O período dos primeiros mil dias, que vai desde a concepção até os dois anos de idade da criança, é tido como o momento oportuno no qual as bases para a saúde, o crescimento e o desenvolvimento saudáveis são estabelecidas para toda a vida. Nesse intervalo estratégico, há uma janela de oportunidades e de alta plasticidade, por ser uma fase aberta a diversas intervenções para o desenvolvimento imunológico e neurológico1.
Apesar da crescente compreensão do papel da microbiota intestinal durante o período que engloba os primeiros mil dias, ainda há muito o que se decifrar sobre as composições do microbioma durante a gestação, nascimento e primeira infância. Os fatores pré-natais positivos ou negativos são os primeiros implicados diretamente nos mil dias, dentre eles a nutrição materna, a presença de deficiências de micro e macro nutrientes bem como suas suplementações, obesidade, tabagismo e uso de antibióticos durante a gravidez. Já dentre os fatores perinatais, destaca-se o tipo de parto, vaginal ou por cesariana, sendo que este primeiro mostrou ter mais efeitos positivos, devido à grande variedade de microrganismos colonizadores na composição da microbiota vaginal materna, auxiliando na capacitação e melhor adequação ao sistema imunológico do recém-nascido1,2.

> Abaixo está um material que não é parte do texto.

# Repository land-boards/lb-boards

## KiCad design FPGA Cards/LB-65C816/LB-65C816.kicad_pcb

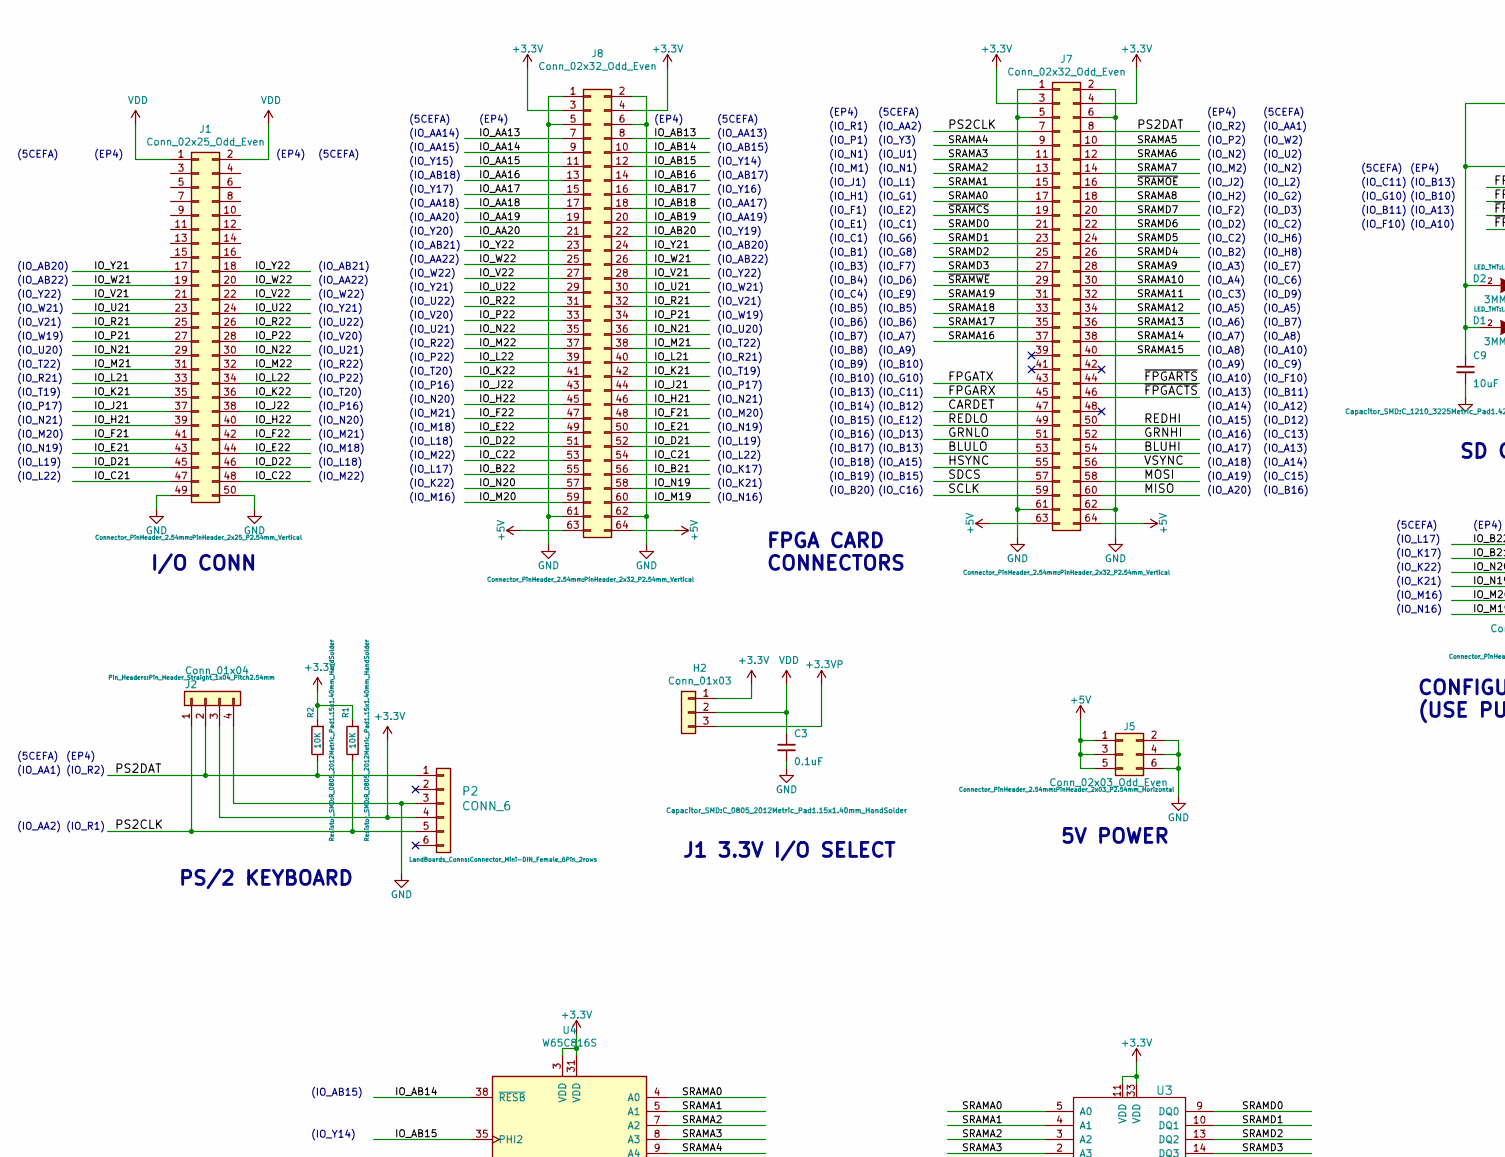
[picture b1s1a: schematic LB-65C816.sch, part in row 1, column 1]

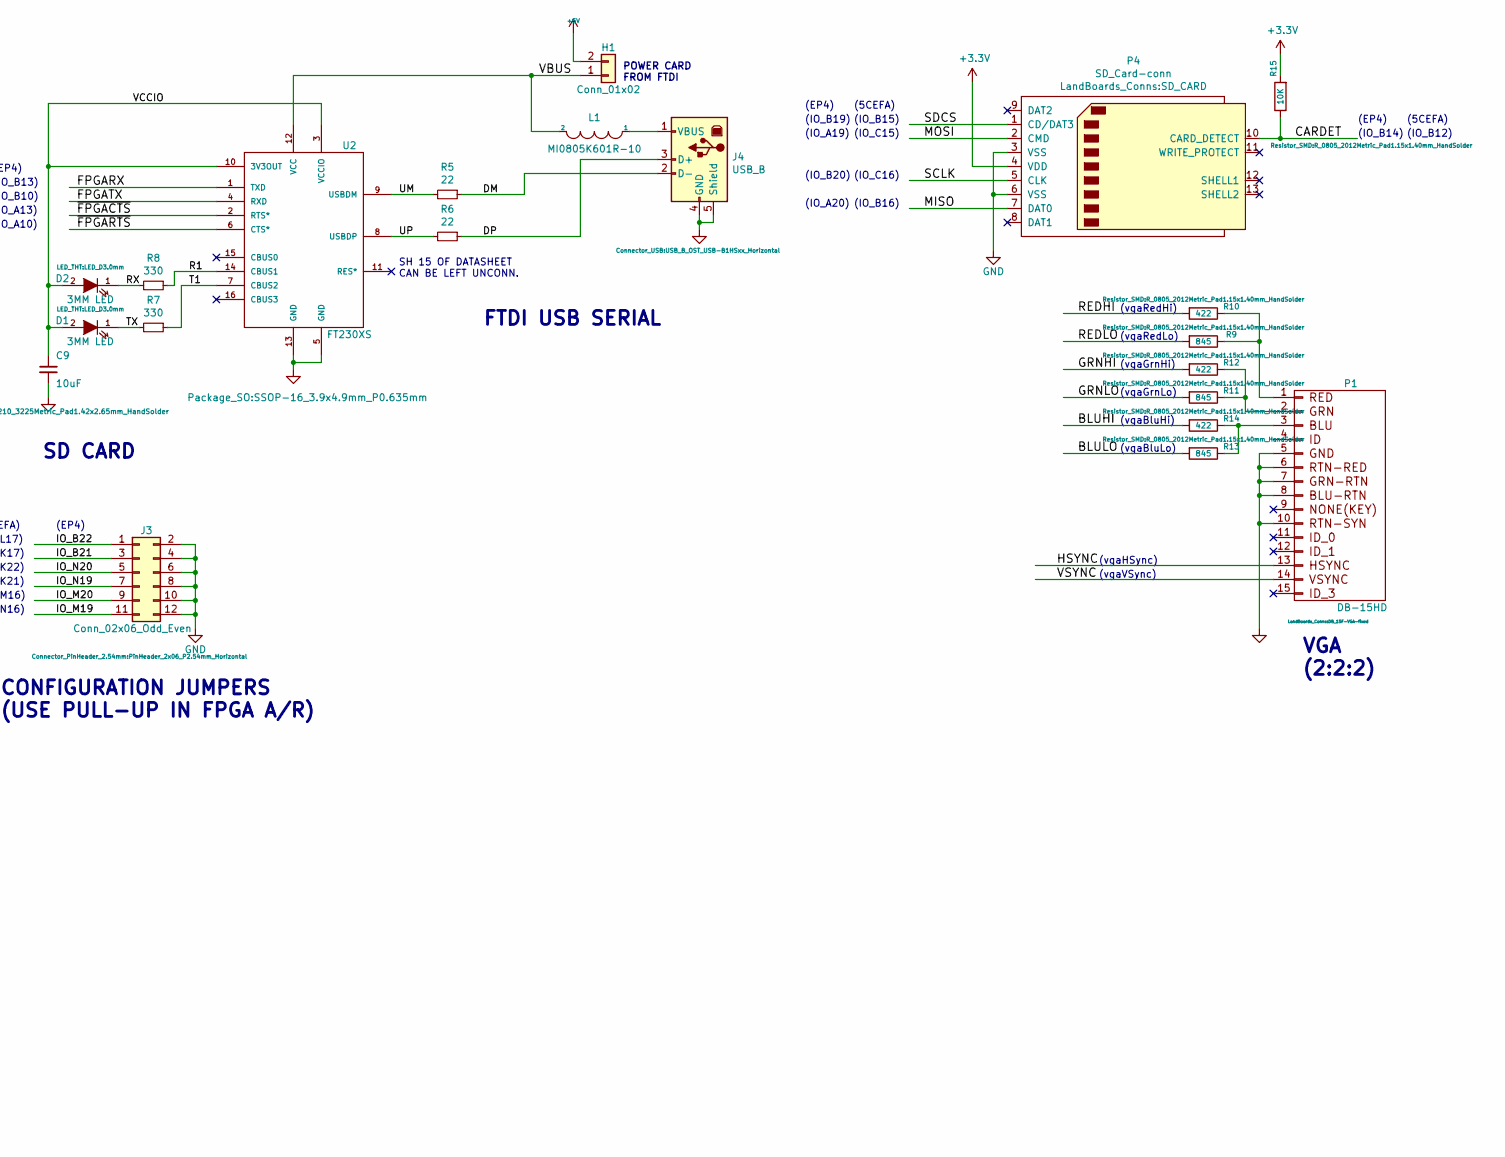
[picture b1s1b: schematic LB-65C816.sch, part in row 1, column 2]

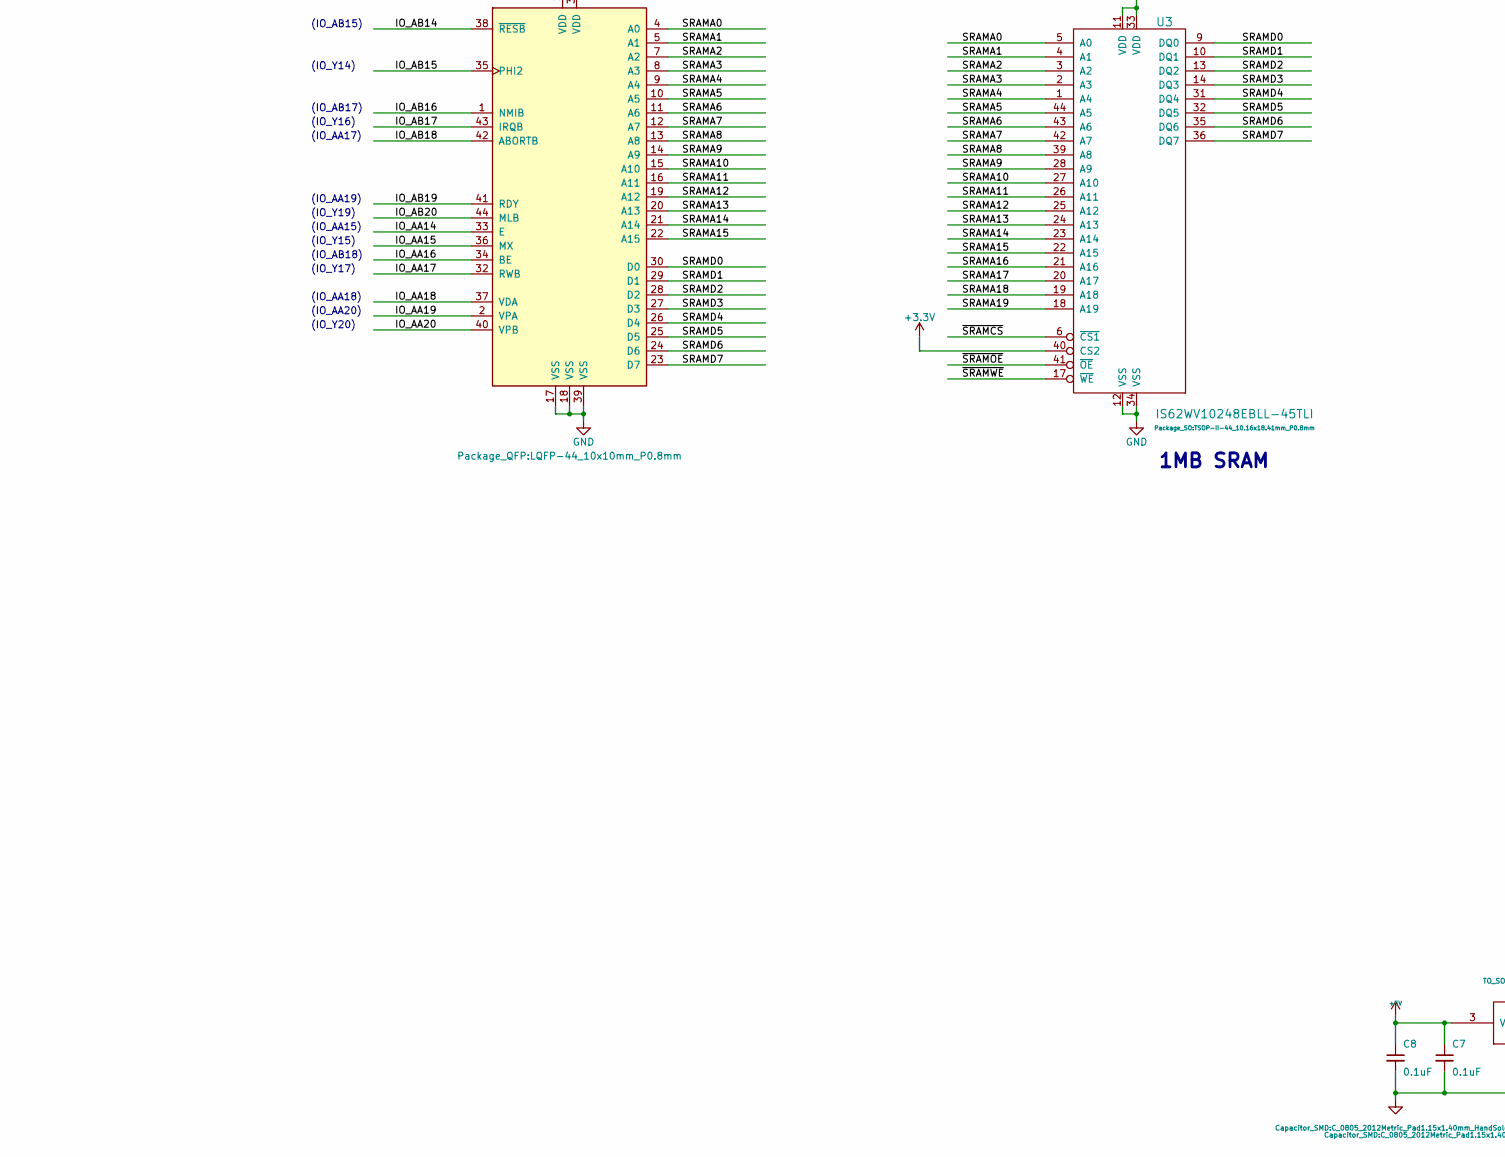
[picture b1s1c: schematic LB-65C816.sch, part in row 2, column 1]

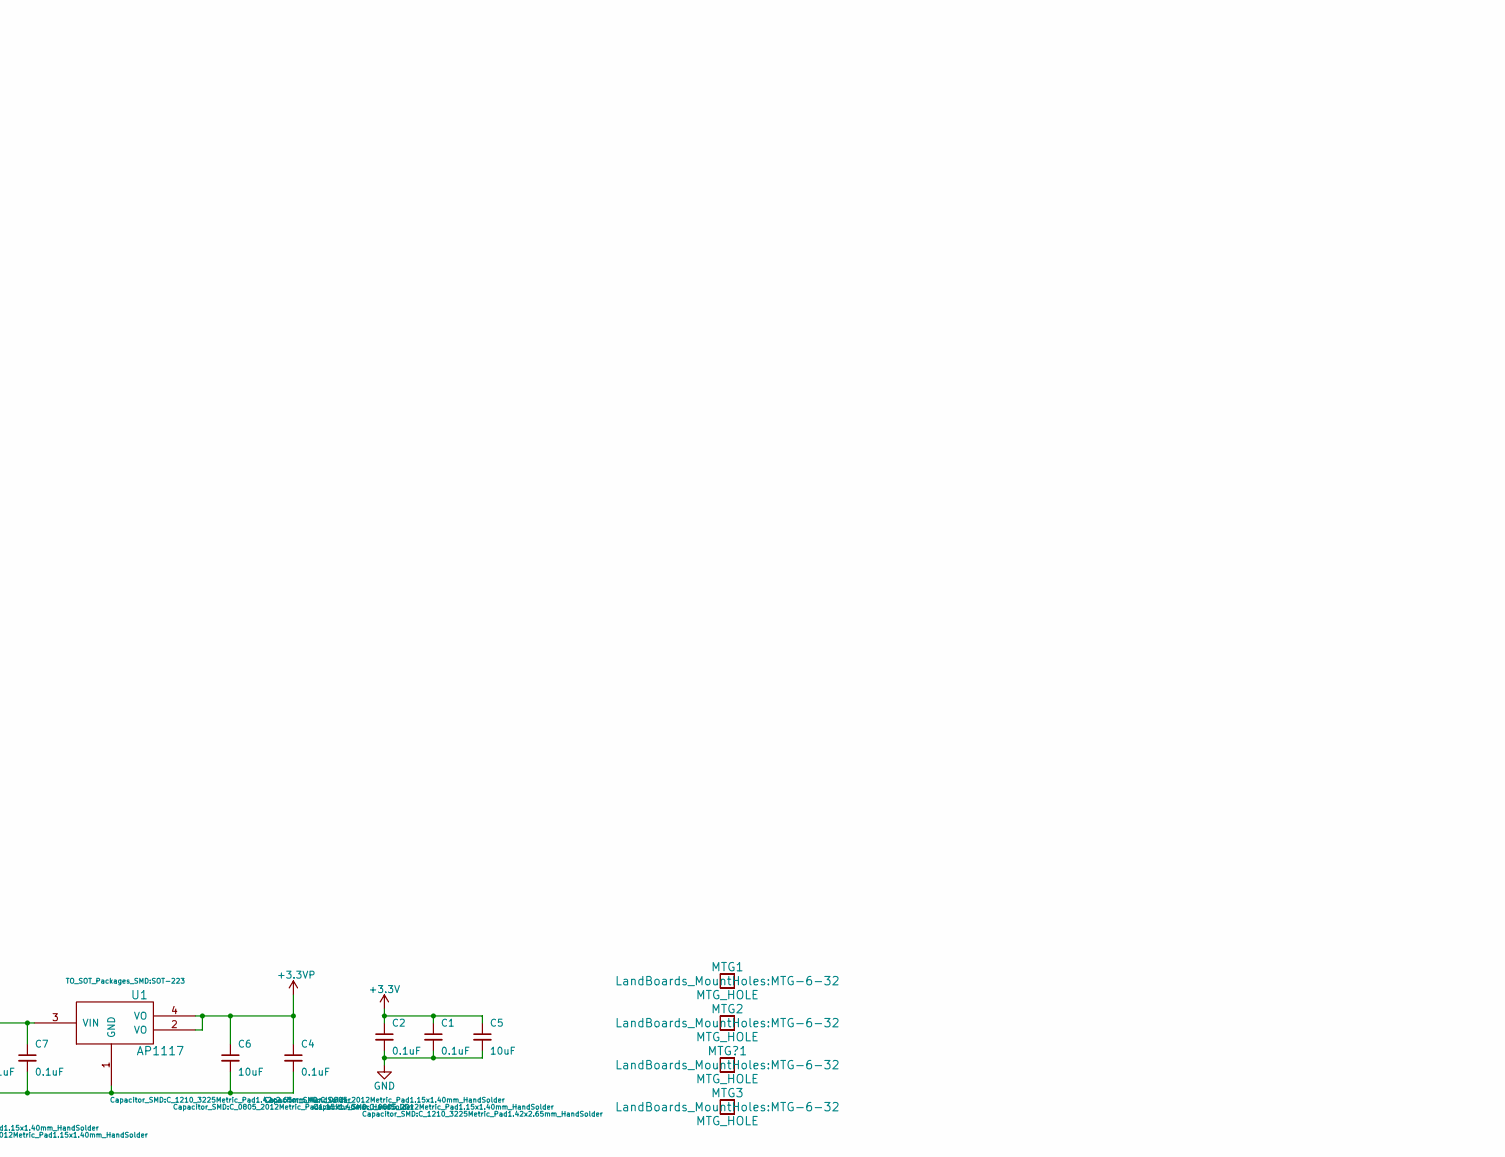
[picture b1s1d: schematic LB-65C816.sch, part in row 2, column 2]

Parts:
C1, C2, C3, C4, C7, C8: 0.1uF; C_0805_2012Metric_Pad1.15x1.40mm_HandSolder
C5, C6, C9: 10uF; C_1210_3225Metric_Pad1.42x2.65mm_HandSolder
D1, D2: 3MM LED; LED_D3.0mm
H1: Conn_01x02; Pin_Header_Straight_1x02_Pitch2.54mm
H2: Conn_01x03; PinHeader_1x03_P2.54mm_Horizontal
J1: Conn_02x25_Odd_Even; PinHeader_2x25_P2.54mm_Vertical
J2: Conn_01x04; Pin_Header_Straight_1x04_Pitch2.54mm
J3: Conn_02x06_Odd_Even; PinHeader_2x06_P2.54mm_Horizontal
J4: USB_B; USB_B_OST_USB-B1HSxx_Horizontal
J5: Conn_02x03_Odd_Even; PinHeader_2x03_P2.54mm_Horizontal
J7, J8: Conn_02x32_Odd_Even; PinHeader_2x32_P2.54mm_Vertical
L1: MI0805K601R-10; L_0805_2012Metric_Pad1.15x1.40mm_HandSolder
MTG1, MTG2, MTG3: MTG_HOLE; MTG-6-32
MTG?1: MTG_HOLE; MTG-6-32
P1: DB-15HD; DB_15F-VGA-fixed
P2: CONN_6; Connector_Mini-DIN_Female_6Pin_2rows
P4: SD_Card-conn; SD_CARD
R1, R2, R15: 10K; R_0805_2012Metric_Pad1.15x1.40mm_HandSolder
R5, R6: 22; R_0805_2012Metric_Pad1.15x1.40mm_HandSolder
R7, R8: 330; R_0805_2012Metric_Pad1.15x1.40mm_HandSolder
R9, R11, R13: 845; R_0805_2012Metric_Pad1.15x1.40mm_HandSolder
R10, R12, R14: 422; R_0805_2012Metric_Pad1.15x1.40mm_HandSolder
U1: AP1117; SOT-223
U2: FT230XS; SSOP-16_3.9x4.9mm_P0.635mm
U3: IS62WV10248EBLL-45TLI; TSOP-II-44_10.16x18.41mm_P0.8mm
U4: W65C816S; LQFP-44_10x10mm_P0.8mm

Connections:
+3.3VP: C4.1, C6.1, H2.3, U1.2 (VO), U1.4 (VO)
+3V3: C1.1, C2.1, C5.1, H2.1, J2.3, J7.3, J7.4, J8.3, J8.4, P2.4, P4.4 (VDD), R1.2, R2.2, R15.2, U3.11 (VDD), U3.33 (VDD), U3.40 (CS2), U4.3 (VDD), U4.31 (VDD)
+5V: C7.1, C8.1, H1.2, J5.1, J5.3, J5.5, J7.63, J7.64, J8.63, J8.64, U1.3 (VIN)
/BLUHI: J7.54, R14.2
/BLULO: J7.53, R13.2
/CARDET: J7.47, P4.10 (CARD_DETECT), R15.1
/DM: J4.2 (D-), R5.1
/DP: J4.3 (D+), R6.1
/FPGARX: J7.45, U2.1 (TXD)
/FPGATX: J7.43, U2.4 (RXD)
/GRNHI: J7.52, R12.2
/GRNLO: J7.51, R11.2
/HSYNC: J7.55, P1.13
/IO_AA14: J8.9, U4.33 (E)
/IO_AA15: J8.11, U4.36 (MX)
/IO_AA16: J8.13, U4.34 (BE)
/IO_AA17: J8.15, U4.32 (RWB)
/IO_AA18: J8.17, U4.37 (VDA)
/IO_AA19: J8.19, U4.2 (VPA)
/IO_AA20: J8.21, U4.40 (VPB)
/IO_AB14: J8.10, U4.38 (~RESB)
/IO_AB15: J8.12, U4.35 (PHI2)
/IO_AB16: J8.14, U4.1 (NMIB)
/IO_AB17: J8.16, U4.43 (IRQB)
/IO_AB18: J8.18, U4.42 (ABORTB)
/IO_AB19: J8.20, U4.41 (RDY)
/IO_AB20: J8.22, U4.44 (MLB)
/IO_B21: J3.3, J8.56
/IO_B22: J3.1, J8.55
/IO_C21: J1.47, J8.54
/IO_C22: J1.48, J8.53
/IO_D21: J1.45, J8.52
/IO_D22: J1.46, J8.51
/IO_E21: J1.43, J8.50
/IO_E22: J1.44, J8.49
/IO_F21: J1.41, J8.48
/IO_F22: J1.42, J8.47
/IO_H21: J1.39, J8.46
/IO_H22: J1.40, J8.45
/IO_J21: J1.37, J8.44
/IO_J22: J1.38, J8.43
/IO_K21: J1.35, J8.42
/IO_K22: J1.36, J8.41
/IO_L21: J1.33, J8.40
/IO_L22: J1.34, J8.39
/IO_M19: J3.11, J8.60
/IO_M20: J3.9, J8.59
/IO_M21: J1.31, J8.38
/IO_M22: J1.32, J8.37
/IO_N19: J3.7, J8.58
/IO_N20: J3.5, J8.57
/IO_N21: J1.29, J8.36
/IO_N22: J1.30, J8.35
/IO_P21: J1.27, J8.34
/IO_P22: J1.28, J8.33
/IO_R21: J1.25, J8.32
/IO_R22: J1.26, J8.31
/IO_U21: J1.23, J8.30
/IO_U22: J1.24, J8.29
/IO_V21: J1.21, J8.28
/IO_V22: J1.22, J8.27
/IO_W21: J1.19, J8.26
/IO_W22: J1.20, J8.25
/IO_Y21: J1.17, J8.24
/IO_Y22: J1.18, J8.23
/MISO: J7.60, P4.7 (DAT0)
/MOSI: J7.58, P4.2 (CMD)
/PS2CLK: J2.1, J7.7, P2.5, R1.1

Após o nascimento, ainda durante o período neonatal, o clampeamento tardio, o contato pele a pele imediato e o aleitamento materno exclusivo e na primeira hora de vida são medidas que exercem efeitos benéficos na microbiota. O leite materno estimula o desenvolvimento mais equilibrado da microbiota na fase inicial dos primeiros mil dias, principalmente devido ao seu alto teor de oligossacarídeos únicos2,3.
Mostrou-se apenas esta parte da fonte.